Requirement:
Would you restate word for word the lines of the listing, beginning at the first and ending with the line that holds "settings SFSimCC: CustomCodeUndefinedFunction=UseInterfaceOnly"?

Excerpted data:
=== Section Start ===

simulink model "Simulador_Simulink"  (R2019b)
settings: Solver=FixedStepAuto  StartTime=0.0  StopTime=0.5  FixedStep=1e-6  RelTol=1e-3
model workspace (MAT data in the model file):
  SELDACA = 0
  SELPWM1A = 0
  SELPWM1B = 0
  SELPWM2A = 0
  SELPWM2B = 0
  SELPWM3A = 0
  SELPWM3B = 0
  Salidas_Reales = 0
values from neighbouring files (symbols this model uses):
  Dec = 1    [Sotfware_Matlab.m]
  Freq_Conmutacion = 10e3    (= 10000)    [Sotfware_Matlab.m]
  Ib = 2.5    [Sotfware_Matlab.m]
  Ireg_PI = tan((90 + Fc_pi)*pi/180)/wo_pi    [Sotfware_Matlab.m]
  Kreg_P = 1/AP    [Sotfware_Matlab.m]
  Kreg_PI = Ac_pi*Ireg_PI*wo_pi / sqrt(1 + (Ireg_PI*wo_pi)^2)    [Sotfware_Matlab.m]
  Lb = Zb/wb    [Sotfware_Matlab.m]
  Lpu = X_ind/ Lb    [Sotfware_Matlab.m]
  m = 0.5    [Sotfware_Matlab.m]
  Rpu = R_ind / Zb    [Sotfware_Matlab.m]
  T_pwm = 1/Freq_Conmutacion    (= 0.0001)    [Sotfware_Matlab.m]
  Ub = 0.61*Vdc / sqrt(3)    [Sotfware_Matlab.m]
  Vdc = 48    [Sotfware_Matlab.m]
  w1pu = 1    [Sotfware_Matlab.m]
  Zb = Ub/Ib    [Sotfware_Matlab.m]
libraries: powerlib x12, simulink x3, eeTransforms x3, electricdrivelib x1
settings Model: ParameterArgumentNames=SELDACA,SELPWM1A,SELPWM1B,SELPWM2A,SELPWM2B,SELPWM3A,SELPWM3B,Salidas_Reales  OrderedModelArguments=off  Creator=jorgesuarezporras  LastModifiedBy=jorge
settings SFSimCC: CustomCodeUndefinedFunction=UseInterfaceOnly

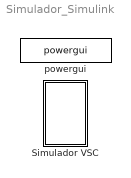
== system Simulador_Simulink ==
  Simulador VSC : Subsystem  mask{Parameter1A=Id, Parameter1B=Id Referencia, Parameter2A=Iq, Parameter2B=Iq Referencia, ParameterDAC=Ángulo transformada de Park, Parameter3A=Va, Parameter3B=Ia, Id_simulink=1, Iq_simulink=1, refd=Constante, refq=Constante, control=Control PI, K_proporcional=Kreg_P, b_proporcional=1, K_integral=Kreg_PI, I_integral=Ireg_PI, b_integral=1, tipolazo=Lazo Cerrado, mandod=0, mandoq=0, acoplamiento=on}
      mask prompts: Parameter1A "PWM1A"; Parameter1B "PWM1B"; Parameter2A "PWM2A"; Parameter2B "PWM2B"; ParameterDAC "DAC A"; Parameter3A "PWM3A"; Parameter3B "PWM3B"; Id_simulink "Id Referencia"; Iq_simulink "Iq Referencia"; refd "Forma de onda de referencia Id"; refq "Forma de onda de referencia Iq"; control "Selecciona el Control"; K_proporcional "K:"; b_proporcional "b:"; K_integral "K:"; I_integral "I:"; b_integral "b:"; tipolazo "Tipo de lazo"; mandod "Tensión de mando eje d  (md)"; mandoq "Tensión de mando eje q (mq)"
      mask init:
      | switch Parameter1A
      |     case 1
      |         SELPWM1A = 1;
      |     case 2
      |         SELPWM1A = 2;
      |     case 3
      |         SELPWM1A = 3;
      |     case 4
      |         SELPWM1A = 4;
      |     case 5
      |         SELPWM1A = 5;
      |     case 6
      |         SELPWM1A = 6;
      |     case 7
      |         SELPWM1A = 7;
      |     otherwise
      |         SELPWM1A = -1;
      | end
      | 
      | switch Parameter1B
      |     case 1
      |         SELPWM1B = 1;
      |     case 2
      |         SELPWM1B = 2;
      |     case 3
      |         SELPWM1B = 3;
      |     case 4
      |         SELPWM1B = 4;
      |     case 5
      |         SELPWM1B = 5;
      |     case 6
      |         SELPWM1B = 6;
      |     case 7
      |         SELPWM1B = 7;
      |     otherwise
      |         SELPWM1B = -1;
      | end
      | switch Parameter2A
      |     case 1
      |         SELPWM2A = 1;
      |     case 2
      |         SELPWM2A = 2;
      |     case 3
      |         SELPWM2A = 3;
      |     case 4
      |         SELPWM2A = 4;
      |     case 5
      |         SELPWM2A = 5;
      |     case 6
      |         SELPWM2A = 6;
      |     case 7
      |         SELPWM2A = 7;
      |     otherwise
      |         SELPWM2A = -1;
      | end
      | 
      | switch Parameter2B
      |     case 1
      |         SELPWM2B = 1;
      |     case 2
      |         SELPWM2B = 2;
      |     case 3
      |         SELPWM2B = 3;
      |     case 4
      |         SELPWM2B = 4;
      |     case 5
      |         SELPWM2B = 5;
      |     case 6
      |         SELPWM2B = 6;
      |     case 7
      |         SELPWM2B = 7;
      |     otherwise
      |         SELPWM2B = -1;
      | end
      | 
      | switch ParameterDAC
      |     case 1
      |         SELDACA = 1;
      |     case 2
      |         SELDACA = 2;
      |     case 3
      |         SELDACA = 3;
      |     case 4
      |         SELDACA = 4;
      |     case 5
      |         SELDACA = 5;
      |     case 6
      |         SELDACA = 6;
      |     case 7
      |         SELDACA = 7;
      |     otherwise
      |         SELDACA = -1;
      | end
      | switch Parameter3A
      |     case 1
      |         SELPWM3A = 8;
      |     case 2
      |         SELPWM3A = 9;
      |     case 3
      |         SELPWM3A = 10;
      |     case 4
      |         SELPWM3A = 11;
      |     case 5
      |         SELPWM3A = 12;
      |     case 6
      |         SELPWM3A = 13;
      |     otherwise
      |         SELPWM3A = -1;
      | end
      | switch Parameter3B
      |     case 1
      |         SELPWM3B = 8;
      |     case 2
      |         SELPWM3B = 9;
      |     case 3
      |         SELPWM3B = 10;
      |     case 4
      |         SELPWM3B = 11;
      |     case 5
      |         SELPWM3B = 12;
      |     case 6
      |         SELPWM3B = 13;
      |     otherwise
      |         SELPWM3B = -1;
      | end
      |        
      | switch refd
      |     case 1
      |         Id_ref_const = 1;
      |         Id_pulse = 0;
      |         Id_sin = 0;
      |     case 2
      |         Id_ref_const = 0;
      |         Id_pulse = 1;
      |         Id_sin = 0;        
      |     case 3
      |         Id_ref_const = 0;
      |         Id_pulse = 0;
      |         Id_sin = 1;
      | end
      | 
      | switch refq
      |     case 1
      |         Iq_ref_const = 1;
      |         Iq_pulse = 0;
      |         Iq_sin = 0;
      |     case 2
      |         Iq_ref_const = 0;
      |         Iq_pulse = 1;
      |         Iq_sin = 0;        
      |     case 3
      |         Iq_ref_const = 0;
      |         Iq_pulse = 0;
      |         Iq_sin = 1;
      | end
      | 
      | switch control
      |     case 1
      |         Control_P = 1;
      |         Control_PI = 0;
      |         I_integral = 1;
      |     case 2
      |         Control_P = 0;
      |         Control_PI = 1;
      | end
      | 
      | switch tipolazo
      |     case 1
      |         open = 0;
      |         a_d = mandod;
      |         a_q = mandoq;
      |     case 2
      |         open = 1;
      |         a_d = 0;
      |         a_q = 0;
      | end
      | 
      | if acoplamiento == 1
      |         open_Id = 1;
      |         open_Iq = 1;
      | else 
      |     open_Id = 0;
      |     open_Iq = 0;
      | end
      | % 
      | % if reales == 1
      | %         Salidas_Reales = 1;
      | % else 
      | %     Salidas_Reales = 0;
      | % end
      mask TypeOptions Parameter1A: Id | Iq | Id Referencia | Iq Referencia | md | mq | Ángulo transformada de Park
      mask TypeOptions Parameter1B: Id | Iq | Id Referencia | Iq Referencia | md | mq | Ángulo transformada de Park
      mask TypeOptions Parameter2A: Id | Iq | Id Referencia | Iq Referencia | md | mq | Ángulo transformada de Park
      mask TypeOptions Parameter2B: Id | Iq | Id Referencia | Iq Referencia | md | mq | Ángulo transformada de Park
      mask TypeOptions ParameterDAC: Id | Iq | Id Referencia | Iq Referencia | md | mq | Ángulo transformada de Park
      mask TypeOptions Parameter3A: Va | Vb | Vc | Ia | Ib | Ic
      mask TypeOptions Parameter3B: Va | Vb | Vc | Ia | Ib | Ic
      mask TypeOptions refd: Constante | Pulsos | Senoidal
      mask TypeOptions refq: Constante | Pulsos | Senoidal
      mask TypeOptions control: Control P | Control PI
      mask TypeOptions tipolazo: Lazo Abierto | Lazo Cerrado
      mask DialogControl Container7 Prompt: Salidas
      mask DialogControl Container9 Prompt: Referencias
      mask DialogControl Container12 Prompt: Controles
      mask DialogControl Container22 Prompt: Control Proporcional
      mask DialogControl Container24 Prompt: Control Proporcional - Integral
      mask DialogControl Container19 Prompt: Lazo
      mask DialogControl Container17 Prompt: Lazo Abierto
      mask DialogControl Container18 Prompt: Acoplamiento / Desacoplamiento
      mask Display: image('click.png'); % Use "Edit Image" on toolstrip to change.
  powergui : powerlib/powergui  Priority=1  SimulationMode=Continuous  SampleTime=50e-6  frequency=60  Iterations=50  frequencyindice=0  Pbase=100e6  ErrMax=1e-4  UnitsV=kV  UnitsW=MW  buscounter=0  FunctionMessages=off  echomessages=off  EnableUseOfTLC=off  CurrentSourceSwitches=off  DisableSnubberDevices=off  DisableRonSwitches=off  DisableVfSwitches=off  DisplayEquations=off  AutomaticDiscreteSolvers=off  SolverType=Tustin/Backward Euler (TBE)  Interpol=off  ExternalGateDelay=off  methode=off  Ts=100  x0status=blocks  SPID=on  SwTol=0  HookPort=off  NonlinearTolerance=0  nMaxIteration=15  ContinueOnMaxIteration=off  RestoreLinks=warning  ResistiveCurrentMeasurement=off  Frange=[0:2:500]  Ylog=off  Xlog=on  ShowGrid=off  save=off  variable=ZData  structure=0  ZoomFFT=off  StartTime=0.0  cycles=1  DisplayStyle=1  fundamental=60  FreqAxis=off  MaxFrequency=1000  frequencyindicesteady=1  RmsSteady=1  display=off
      settings: SourceProductName=Simscape Electrical

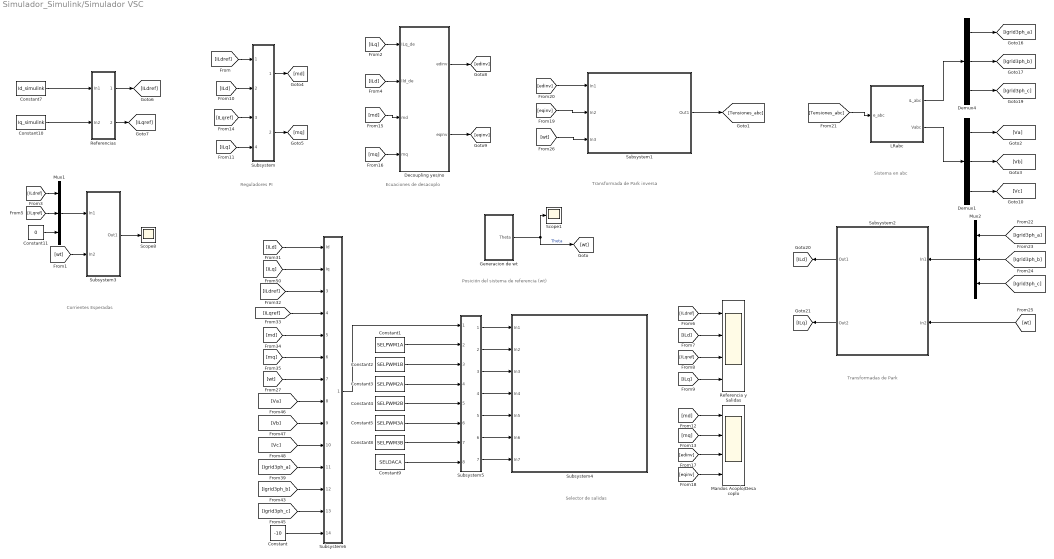
== system Simulador_Simulink/Simulador VSC ==
  note: Posición del sistema de referencia (wt)
  note: Transformadas de Park
  note: Transformada de Park inversa
  note: Ecuaciones de desacoplo
  note: Reguladores PI
  note: Sistema en abc
  note: Corrientes Esperadas
  note: Selector de salidas
  Constant : Constant  Value=-10
  Constant1 : Constant  Value=SELPWM1A  SampleTime=-1
  Constant10 : Constant  Value=Iq_simulink  SampleTime=-1
  Constant11 : Constant  Value=0
  Constant2 : Constant  Value=SELPWM1B  SampleTime=-1
  Constant3 : Constant  Value=SELPWM2A  SampleTime=-1
  Constant4 : Constant  Value=SELPWM2B  SampleTime=-1
  Constant5 : Constant  Value=SELPWM3A
  Constant7 : Constant  Value=Id_simulink  SampleTime=-1
  Constant8 : Constant  Value=SELPWM3B  SampleTime=-1
  Constant9 : Constant  Value=SELDACA  SampleTime=-1
  Decoupling yes/no : Subsystem
  Demux1 : Demux  Outputs=3
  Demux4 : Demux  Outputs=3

=== Section End ===

Response to this task:
simulink model "Simulador_Simulink"  (R2019b)
settings: Solver=FixedStepAuto  StartTime=0.0  StopTime=0.5  FixedStep=1e-6  RelTol=1e-3
model workspace (MAT data in the model file):
  SELDACA = 0
  SELPWM1A = 0
  SELPWM1B = 0
  SELPWM2A = 0
  SELPWM2B = 0
  SELPWM3A = 0
  SELPWM3B = 0
  Salidas_Reales = 0
values from neighbouring files (symbols this model uses):
  Dec = 1    [Sotfware_Matlab.m]
  Freq_Conmutacion = 10e3    (= 10000)    [Sotfware_Matlab.m]
  Ib = 2.5    [Sotfware_Matlab.m]
  Ireg_PI = tan((90 + Fc_pi)*pi/180)/wo_pi    [Sotfware_Matlab.m]
  Kreg_P = 1/AP    [Sotfware_Matlab.m]
  Kreg_PI = Ac_pi*Ireg_PI*wo_pi / sqrt(1 + (Ireg_PI*wo_pi)^2)    [Sotfware_Matlab.m]
  Lb = Zb/wb    [Sotfware_Matlab.m]
  Lpu = X_ind/ Lb    [Sotfware_Matlab.m]
  m = 0.5    [Sotfware_Matlab.m]
  Rpu = R_ind / Zb    [Sotfware_Matlab.m]
  T_pwm = 1/Freq_Conmutacion    (= 0.0001)    [Sotfware_Matlab.m]
  Ub = 0.61*Vdc / sqrt(3)    [Sotfware_Matlab.m]
  Vdc = 48    [Sotfware_Matlab.m]
  w1pu = 1    [Sotfware_Matlab.m]
  Zb = Ub/Ib    [Sotfware_Matlab.m]
libraries: powerlib x12, simulink x3, eeTransforms x3, electricdrivelib x1
settings Model: ParameterArgumentNames=SELDACA,SELPWM1A,SELPWM1B,SELPWM2A,SELPWM2B,SELPWM3A,SELPWM3B,Salidas_Reales  OrderedModelArguments=off  Creator=jorgesuarezporras  LastModifiedBy=jorge
settings SFSimCC: CustomCodeUndefinedFunction=UseInterfaceOnly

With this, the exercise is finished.